## Activity
The output is the lines below from the one with "hardware target on" through the one with "hardware target for", both included, printed exactly and with no other line.

[Dataset items]
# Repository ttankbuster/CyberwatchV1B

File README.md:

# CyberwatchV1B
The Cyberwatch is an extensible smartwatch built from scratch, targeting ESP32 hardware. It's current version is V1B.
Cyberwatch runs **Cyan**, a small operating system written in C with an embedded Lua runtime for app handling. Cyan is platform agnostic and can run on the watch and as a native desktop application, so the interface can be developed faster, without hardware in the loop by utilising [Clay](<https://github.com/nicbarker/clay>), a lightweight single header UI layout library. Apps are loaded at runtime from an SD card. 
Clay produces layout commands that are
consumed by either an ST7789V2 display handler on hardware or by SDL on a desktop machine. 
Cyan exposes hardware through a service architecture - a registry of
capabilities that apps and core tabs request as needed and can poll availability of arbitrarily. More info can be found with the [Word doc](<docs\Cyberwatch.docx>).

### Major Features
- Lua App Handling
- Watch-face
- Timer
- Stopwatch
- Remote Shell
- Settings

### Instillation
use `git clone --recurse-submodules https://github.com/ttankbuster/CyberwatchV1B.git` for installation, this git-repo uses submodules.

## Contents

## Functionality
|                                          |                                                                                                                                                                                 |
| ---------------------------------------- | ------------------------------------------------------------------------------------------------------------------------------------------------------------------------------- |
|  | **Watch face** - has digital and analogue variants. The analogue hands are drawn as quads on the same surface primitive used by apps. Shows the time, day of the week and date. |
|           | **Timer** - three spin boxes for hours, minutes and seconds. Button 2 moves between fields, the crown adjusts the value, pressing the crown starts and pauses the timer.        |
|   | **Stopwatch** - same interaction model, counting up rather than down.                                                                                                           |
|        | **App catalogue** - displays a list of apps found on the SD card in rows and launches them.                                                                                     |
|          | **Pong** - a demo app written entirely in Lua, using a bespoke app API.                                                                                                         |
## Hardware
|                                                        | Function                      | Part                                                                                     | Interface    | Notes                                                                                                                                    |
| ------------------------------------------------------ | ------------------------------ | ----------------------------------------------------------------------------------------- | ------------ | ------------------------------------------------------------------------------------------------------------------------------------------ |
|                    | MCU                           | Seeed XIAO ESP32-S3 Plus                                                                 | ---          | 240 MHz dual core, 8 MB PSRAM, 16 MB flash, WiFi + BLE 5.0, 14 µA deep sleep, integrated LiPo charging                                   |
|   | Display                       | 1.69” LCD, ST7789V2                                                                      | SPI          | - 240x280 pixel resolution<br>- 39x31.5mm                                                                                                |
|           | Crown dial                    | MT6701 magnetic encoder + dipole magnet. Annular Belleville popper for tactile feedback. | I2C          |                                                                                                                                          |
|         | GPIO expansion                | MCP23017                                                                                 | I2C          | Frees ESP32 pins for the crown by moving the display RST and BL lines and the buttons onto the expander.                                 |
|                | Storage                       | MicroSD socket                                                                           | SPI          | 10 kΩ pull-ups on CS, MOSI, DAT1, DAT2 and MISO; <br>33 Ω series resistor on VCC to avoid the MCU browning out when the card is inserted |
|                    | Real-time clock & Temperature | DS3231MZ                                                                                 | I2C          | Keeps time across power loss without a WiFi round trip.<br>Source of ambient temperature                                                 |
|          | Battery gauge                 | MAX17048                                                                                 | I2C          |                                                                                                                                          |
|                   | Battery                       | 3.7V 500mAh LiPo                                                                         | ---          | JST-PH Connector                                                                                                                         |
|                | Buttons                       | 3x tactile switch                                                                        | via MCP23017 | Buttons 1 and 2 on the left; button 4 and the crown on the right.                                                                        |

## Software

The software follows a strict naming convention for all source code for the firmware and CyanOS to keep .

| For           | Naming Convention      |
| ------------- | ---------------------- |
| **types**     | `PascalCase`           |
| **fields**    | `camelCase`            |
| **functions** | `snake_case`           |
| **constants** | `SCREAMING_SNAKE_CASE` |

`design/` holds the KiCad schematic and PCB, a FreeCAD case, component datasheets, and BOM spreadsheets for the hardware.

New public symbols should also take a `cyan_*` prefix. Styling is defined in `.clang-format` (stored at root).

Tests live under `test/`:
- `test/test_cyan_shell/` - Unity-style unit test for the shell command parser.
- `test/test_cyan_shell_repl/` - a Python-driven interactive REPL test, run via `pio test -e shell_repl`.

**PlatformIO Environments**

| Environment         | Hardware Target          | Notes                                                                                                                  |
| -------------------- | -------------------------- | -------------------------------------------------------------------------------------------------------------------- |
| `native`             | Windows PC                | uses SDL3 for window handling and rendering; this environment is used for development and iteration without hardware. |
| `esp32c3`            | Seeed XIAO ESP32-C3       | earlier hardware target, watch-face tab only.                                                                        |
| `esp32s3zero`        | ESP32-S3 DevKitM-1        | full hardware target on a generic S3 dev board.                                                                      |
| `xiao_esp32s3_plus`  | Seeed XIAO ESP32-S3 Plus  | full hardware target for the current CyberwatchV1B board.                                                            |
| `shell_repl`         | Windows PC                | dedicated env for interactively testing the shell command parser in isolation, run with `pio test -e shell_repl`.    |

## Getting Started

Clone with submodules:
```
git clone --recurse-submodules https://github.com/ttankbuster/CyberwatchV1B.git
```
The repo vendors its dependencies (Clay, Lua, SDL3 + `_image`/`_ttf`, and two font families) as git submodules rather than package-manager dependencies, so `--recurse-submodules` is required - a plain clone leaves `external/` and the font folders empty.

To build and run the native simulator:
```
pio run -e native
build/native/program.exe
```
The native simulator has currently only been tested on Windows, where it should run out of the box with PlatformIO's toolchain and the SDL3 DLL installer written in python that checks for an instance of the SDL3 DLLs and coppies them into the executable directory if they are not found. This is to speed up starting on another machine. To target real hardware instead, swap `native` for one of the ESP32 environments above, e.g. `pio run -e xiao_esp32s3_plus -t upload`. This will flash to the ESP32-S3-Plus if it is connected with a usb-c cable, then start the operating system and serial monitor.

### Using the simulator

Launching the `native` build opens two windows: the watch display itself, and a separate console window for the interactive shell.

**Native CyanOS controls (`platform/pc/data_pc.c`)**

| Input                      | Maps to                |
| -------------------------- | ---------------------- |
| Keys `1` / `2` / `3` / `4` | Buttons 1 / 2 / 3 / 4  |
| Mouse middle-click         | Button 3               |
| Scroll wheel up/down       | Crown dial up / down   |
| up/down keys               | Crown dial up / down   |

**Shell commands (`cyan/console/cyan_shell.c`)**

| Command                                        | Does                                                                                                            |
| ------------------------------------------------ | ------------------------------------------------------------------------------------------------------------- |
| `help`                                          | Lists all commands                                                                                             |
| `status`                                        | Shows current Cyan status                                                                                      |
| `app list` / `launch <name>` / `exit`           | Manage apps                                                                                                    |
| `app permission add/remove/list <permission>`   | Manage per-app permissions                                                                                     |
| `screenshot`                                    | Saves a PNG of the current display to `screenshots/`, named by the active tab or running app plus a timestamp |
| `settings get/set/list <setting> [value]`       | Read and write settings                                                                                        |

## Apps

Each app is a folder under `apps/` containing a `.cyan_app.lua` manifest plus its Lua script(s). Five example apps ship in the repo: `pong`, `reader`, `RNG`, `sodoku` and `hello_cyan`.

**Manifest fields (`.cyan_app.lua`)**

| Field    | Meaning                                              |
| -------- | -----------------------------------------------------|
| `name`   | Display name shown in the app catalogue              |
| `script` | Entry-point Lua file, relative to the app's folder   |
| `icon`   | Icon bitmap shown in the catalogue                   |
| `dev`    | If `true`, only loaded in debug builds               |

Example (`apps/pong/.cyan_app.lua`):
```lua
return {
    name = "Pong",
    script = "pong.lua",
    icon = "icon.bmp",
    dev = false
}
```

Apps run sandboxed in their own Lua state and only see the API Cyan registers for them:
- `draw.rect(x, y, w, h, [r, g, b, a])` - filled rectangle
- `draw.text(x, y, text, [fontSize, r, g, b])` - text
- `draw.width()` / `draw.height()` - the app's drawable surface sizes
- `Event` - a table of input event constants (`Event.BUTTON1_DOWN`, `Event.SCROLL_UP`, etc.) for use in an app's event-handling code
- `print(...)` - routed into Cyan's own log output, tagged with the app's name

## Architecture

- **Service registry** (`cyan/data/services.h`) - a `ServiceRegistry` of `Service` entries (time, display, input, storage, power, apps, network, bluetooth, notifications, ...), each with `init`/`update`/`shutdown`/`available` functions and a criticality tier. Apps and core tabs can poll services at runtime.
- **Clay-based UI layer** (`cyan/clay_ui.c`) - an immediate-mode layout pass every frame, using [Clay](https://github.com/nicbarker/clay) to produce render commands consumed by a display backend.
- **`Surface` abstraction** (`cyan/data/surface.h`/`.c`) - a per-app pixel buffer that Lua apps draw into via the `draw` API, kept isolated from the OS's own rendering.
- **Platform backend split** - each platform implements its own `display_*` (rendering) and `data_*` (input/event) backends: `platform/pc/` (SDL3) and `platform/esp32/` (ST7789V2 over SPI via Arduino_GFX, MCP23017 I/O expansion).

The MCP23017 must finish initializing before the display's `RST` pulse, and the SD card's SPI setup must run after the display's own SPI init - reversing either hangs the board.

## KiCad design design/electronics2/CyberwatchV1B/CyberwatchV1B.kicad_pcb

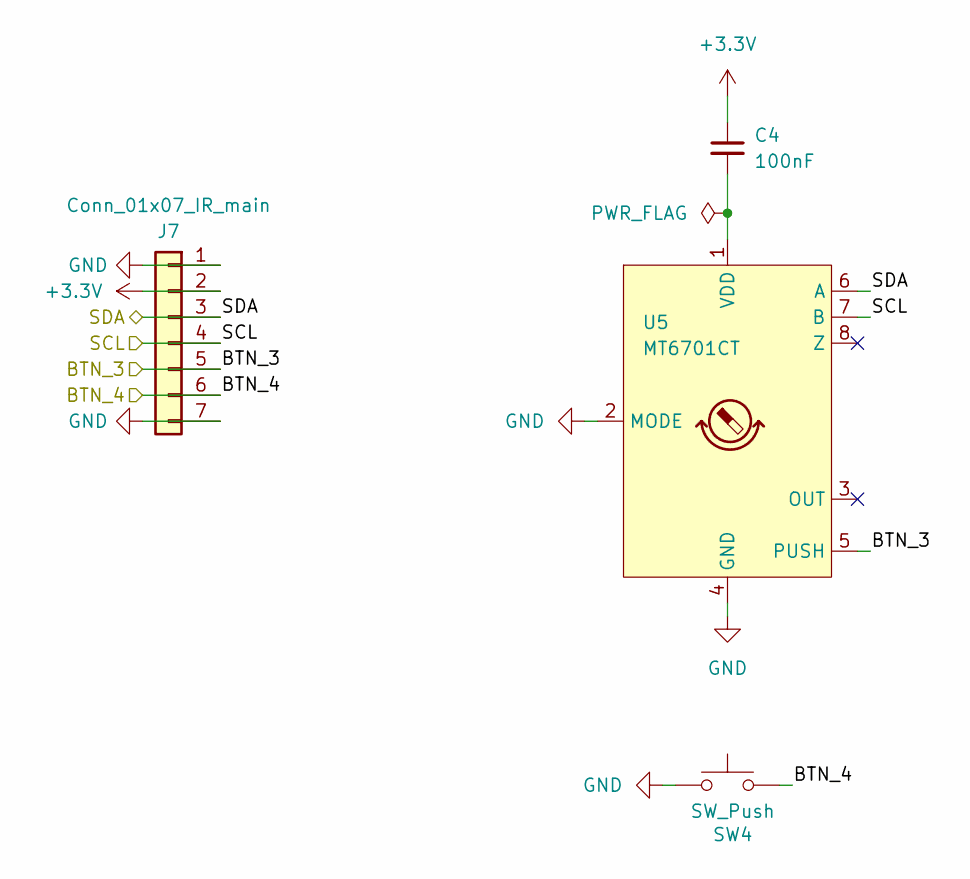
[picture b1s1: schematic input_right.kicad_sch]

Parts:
C4: 100nF; C_0603_1608Metric; MPN CL10B104KB8NNNC
J7: Conn_01x07_IR_main; JST_SH_SM07B-SRSS-TB_1x07-1MP_P1.00mm_Horizontal; MPN SM07B-SRSS-TB(LF)(SN)
SW4: SW_Push; SW_Push_1P1T_NO_CK_KMR2; MPN KMR231NG LFS
U5: MT6701CT; SO-8_3.9x4.9mm_P1.27mm; MPN MT6701CT-STD

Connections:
+3.3V: C4.1, J7.2; also elsewhere on the board
/input_right/BTN_3: J7.5, U5.5 (PUSH); also elsewhere on the board
/input_right/BTN_4: J7.6, SW4.2; also elsewhere on the board
/input_right/SCL: J7.4, U5.7 (B); also elsewhere on the board
/input_right/SDA: J7.3, U5.6 (A); also elsewhere on the board
GND: J7.1, J7.7, SW4.1, U5.2 (MODE), U5.4 (GND); also elsewhere on the board
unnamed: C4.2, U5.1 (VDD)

## Answer to this problem
| `esp32s3zero`        | ESP32-S3 DevKitM-1        | full hardware target on a generic S3 dev board.                                                                      |
| `xiao_esp32s3_plus`  | Seeed XIAO ESP32-S3 Plus  | full hardware target for the current CyberwatchV1B board.                                                            |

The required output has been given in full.